In general, Captain jacks, parts of buckhorn and the trails in Jones park are USFS, and also motorized. There are some non motorized trails that connect to them. Stratton is below gold camp road, Cheyenne canon is also city park.


----------



## figofspee (Jul 19, 2018)

The USFS has already begun to associate eBikes as a form of bicycling, and not categorizing it as motorized in their planning documents. Take it for what it is, but a forest wide change could be on the near horizon:
"While clearly some activities on the list are not related directly to forests, many are. For the purposes of 
this report, we have eliminated many activities from the list so that the most likely forest-related activities 
are:
1. Bicycling (All recreational bicycling, including BMX, E-bikes, Mountain, On-road)
2. Boating/Fishing
3. Climbing/Hiking/Tent Camping
4. Driving for pleasure (Gas spending only)
5. Geocaching/Orienteering/Rock hounding
6. Hunting/Trapping/Shooting (including Archery)
7. Motorcycling/ATVs (Off-road, On-road)
8. Other Conventional Activities
9. Other Conventional Air and Land activities
10. Photography
11. Running/Jogging/Walking
12. RVing
13. Snow activities (Dog mushing, Skiing, Sleighing, Snowboarding, Snowmobiling"


----------



## _CJ (May 1, 2014)

OP, if you are up in WP, you have a fair number of trails where your e-bike is legal.

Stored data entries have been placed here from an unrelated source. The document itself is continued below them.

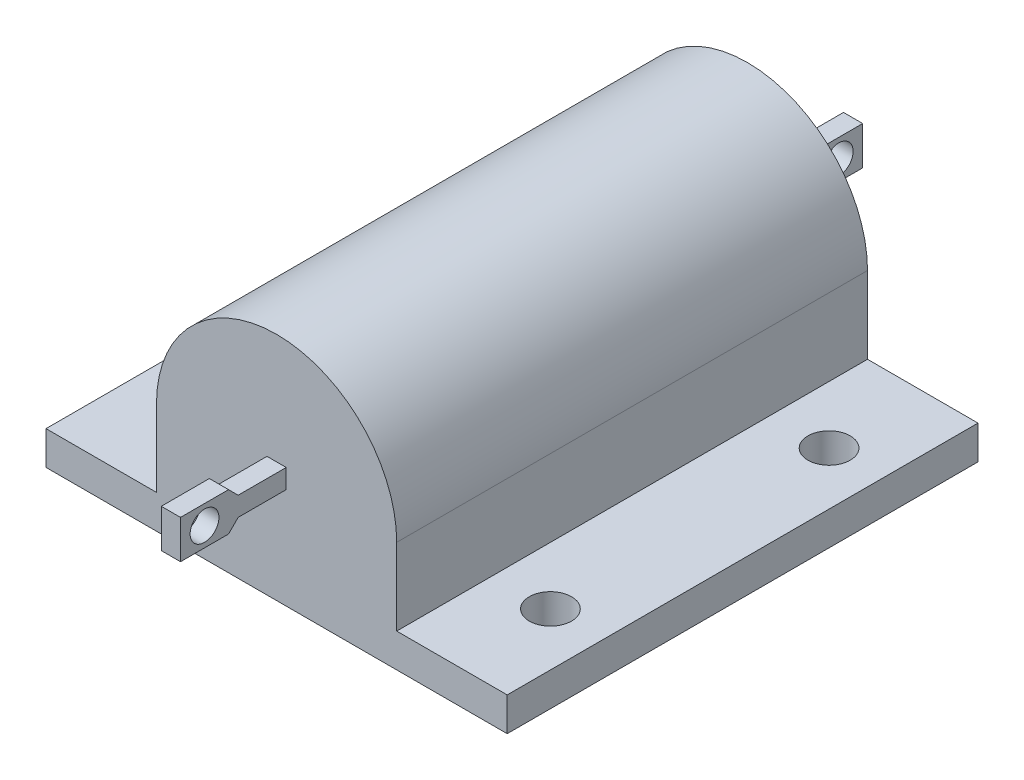
SolidWorks part; units mm, degrees
ref_plane "Front Plane" through (0, 0, 0) normal (0, 0, 1) x (1, 0, 0)
ref_plane "Top Plane" through (0, 0, 0) normal (0, 1, 0) x (1, 0, 0)
ref_plane "Right Plane" through (0, 0, 0) normal (1, 0, 0) x (0, 0, -1)
sketch "Sketch1" plane through (0, 0, 0) normal (0, 0, 1) x (1, 0, 0)
  line L0 (12.5, -8) -> (24, -8)
  line L1 (-24, -11.5) -> (24, -11.5)
  line L2 (-24, -11.5) -> (-24, -8)
  line L3 (-24, -8) -> (-12.5, -8)
  line L4 (24, -11.5) -> (24, -8)
  line L5 (-12.5, 0) -> (-12.5, -8)
  line L6 (12.5, 0) -> (12.5, -8)
  arc A0 (12.5, 0) -> (-12.5, 0) centre (0, 0) ccw
  point P12 (-12.5, -8)
  dimension "D1" = 24
  dimension "D2" = 3.5
  dimension "D3" = 11.5
  dimension "D4" = 48
extrude "Boss-Extrude1" add sketch "Sketch1" along normal mid plane 49
sketch "Sketch2" plane through (0, -8, 0) normal (0, 1, 0) x (1, 0, 0)
  line L1 (18.5, -14.5) -> (-18.5, -14.5) construction
  line L2 (18.5, -14.5) -> (18.5, 14.5) construction
  line L3 (18.5, 14.5) -> (-18.5, 14.5) construction
  line L4 (-18.5, -14.5) -> (-18.5, 14.5) construction
  line L5 (18.5, -14.5) -> (-18.5, 14.5) construction
  line L6 (18.5, 14.5) -> (-18.5, -14.5) construction
  circle A0 centre (-18.5, 14.5) radius 2.2
  circle A1 centre (-18.5, -14.5) radius 2.2
  circle A2 centre (18.5, -14.5) radius 2.2
  circle A3 centre (18.5, 14.5) radius 2.2
  point P0 (0, 0)
  dimension "D1" = 4.4
  dimension "D2" = 29
  dimension "D3" = 37
extrude "Cut-Extrude1" cut sketch "Sketch2" against normal through all
sketch "Sketch3" plane through (0, 0, 0) normal (1, 0, 0) x (0, 0, -1)
  line L0 (-24.5, 1) -> (-29.5, 1)
  line L1 (-24.5, 12.5) -> (-24.5, 0) construction
  line L2 (-29.5, 1) -> (-30.5, 2)
  line L3 (-30.5, 2) -> (-35.5, 2)
  line L4 (-35.5, 2) -> (-35.5, -2)
  line L5 (-35.5, -2) -> (-30.5, -2)
  line L6 (-30.5, -2) -> (-29.5, -1)
  line L7 (-29.5, -1) -> (-24.5, -1)
  line L8 (-24.5, -8) -> (-24.5, 0) construction
  line L9 (-24.5, -1) -> (-24.5, 1)
  line L10 (0, 0) -> (0, -11.5) construction
  line L11 (-24.5, -11.5) -> (24.5, -11.5) construction
  line L12 (29.5, -1) -> (24.5, -1)
  line L13 (30.5, -2) -> (29.5, -1)
  line L14 (35.5, -2) -> (30.5, -2)
  line L15 (35.5, 2) -> (35.5, -2)
  line L16 (30.5, 2) -> (35.5, 2)
  line L17 (29.5, 1) -> (30.5, 2)
  line L18 (24.5, 1) -> (29.5, 1)
  line L19 (24.5, -1) -> (24.5, 1)
  line L20 (-33, 0) -> (-24.5, 0) construction
  line L21 (29.5, -1) -> (24.5, -1)
  line L22 (30.5, -2) -> (29.5, -1)
  line L23 (35.5, -2) -> (30.5, -2)
  line L24 (35.5, 2) -> (35.5, -2)
  line L25 (30.5, 2) -> (35.5, 2)
  line L26 (29.5, 1) -> (30.5, 2)
  line L27 (24.5, 1) -> (29.5, 1)
  line L28 (24.5, -1) -> (24.5, 1)
  circle A0 centre (-33, 0) radius 1.5
  circle A1 centre (33, 0) radius 1.5
  point P5 (-35.5, 0)
  point P26 (-30.7466, 1.0484)
  point P29 (-32.0089, 0)
  dimension "D1" = 4
  dimension "D5" = 3
  dimension "D2" = 5
  dimension "D3" = 45
  dimension "D4" = 1
  dimension "D6" = 71
  dimension "D7" = 2
extrude "Boss-Extrude2" add sketch "Sketch3" along normal mid plane 2 contours L7 L9 L0 L2 L3 L4 L5 L6 A0 | L19 L12 L13 L14 L15 L16 L17 L18 A1

The entire 717 system NW of WP, the entire Rampart OHV area north of town on 67, Mueller state park west of town, the Capt'n Jack's/pipeline/rosa system, and of course further west near Buena Vista, Salida, Taylor Park, down south you have the entire Rainbow trail, etc. Take a look at the Cotrex app offered by the state. It will show you all trails in the state, and you can sort by activity, so just select motorcycle.

It's unfortunate that the national forest service and some cities/counties haven't realized that class 1 e-bikes are nearly identical to analog mtbs in speed and impact, but I suspect that'll be changing sooner than later.


.


----------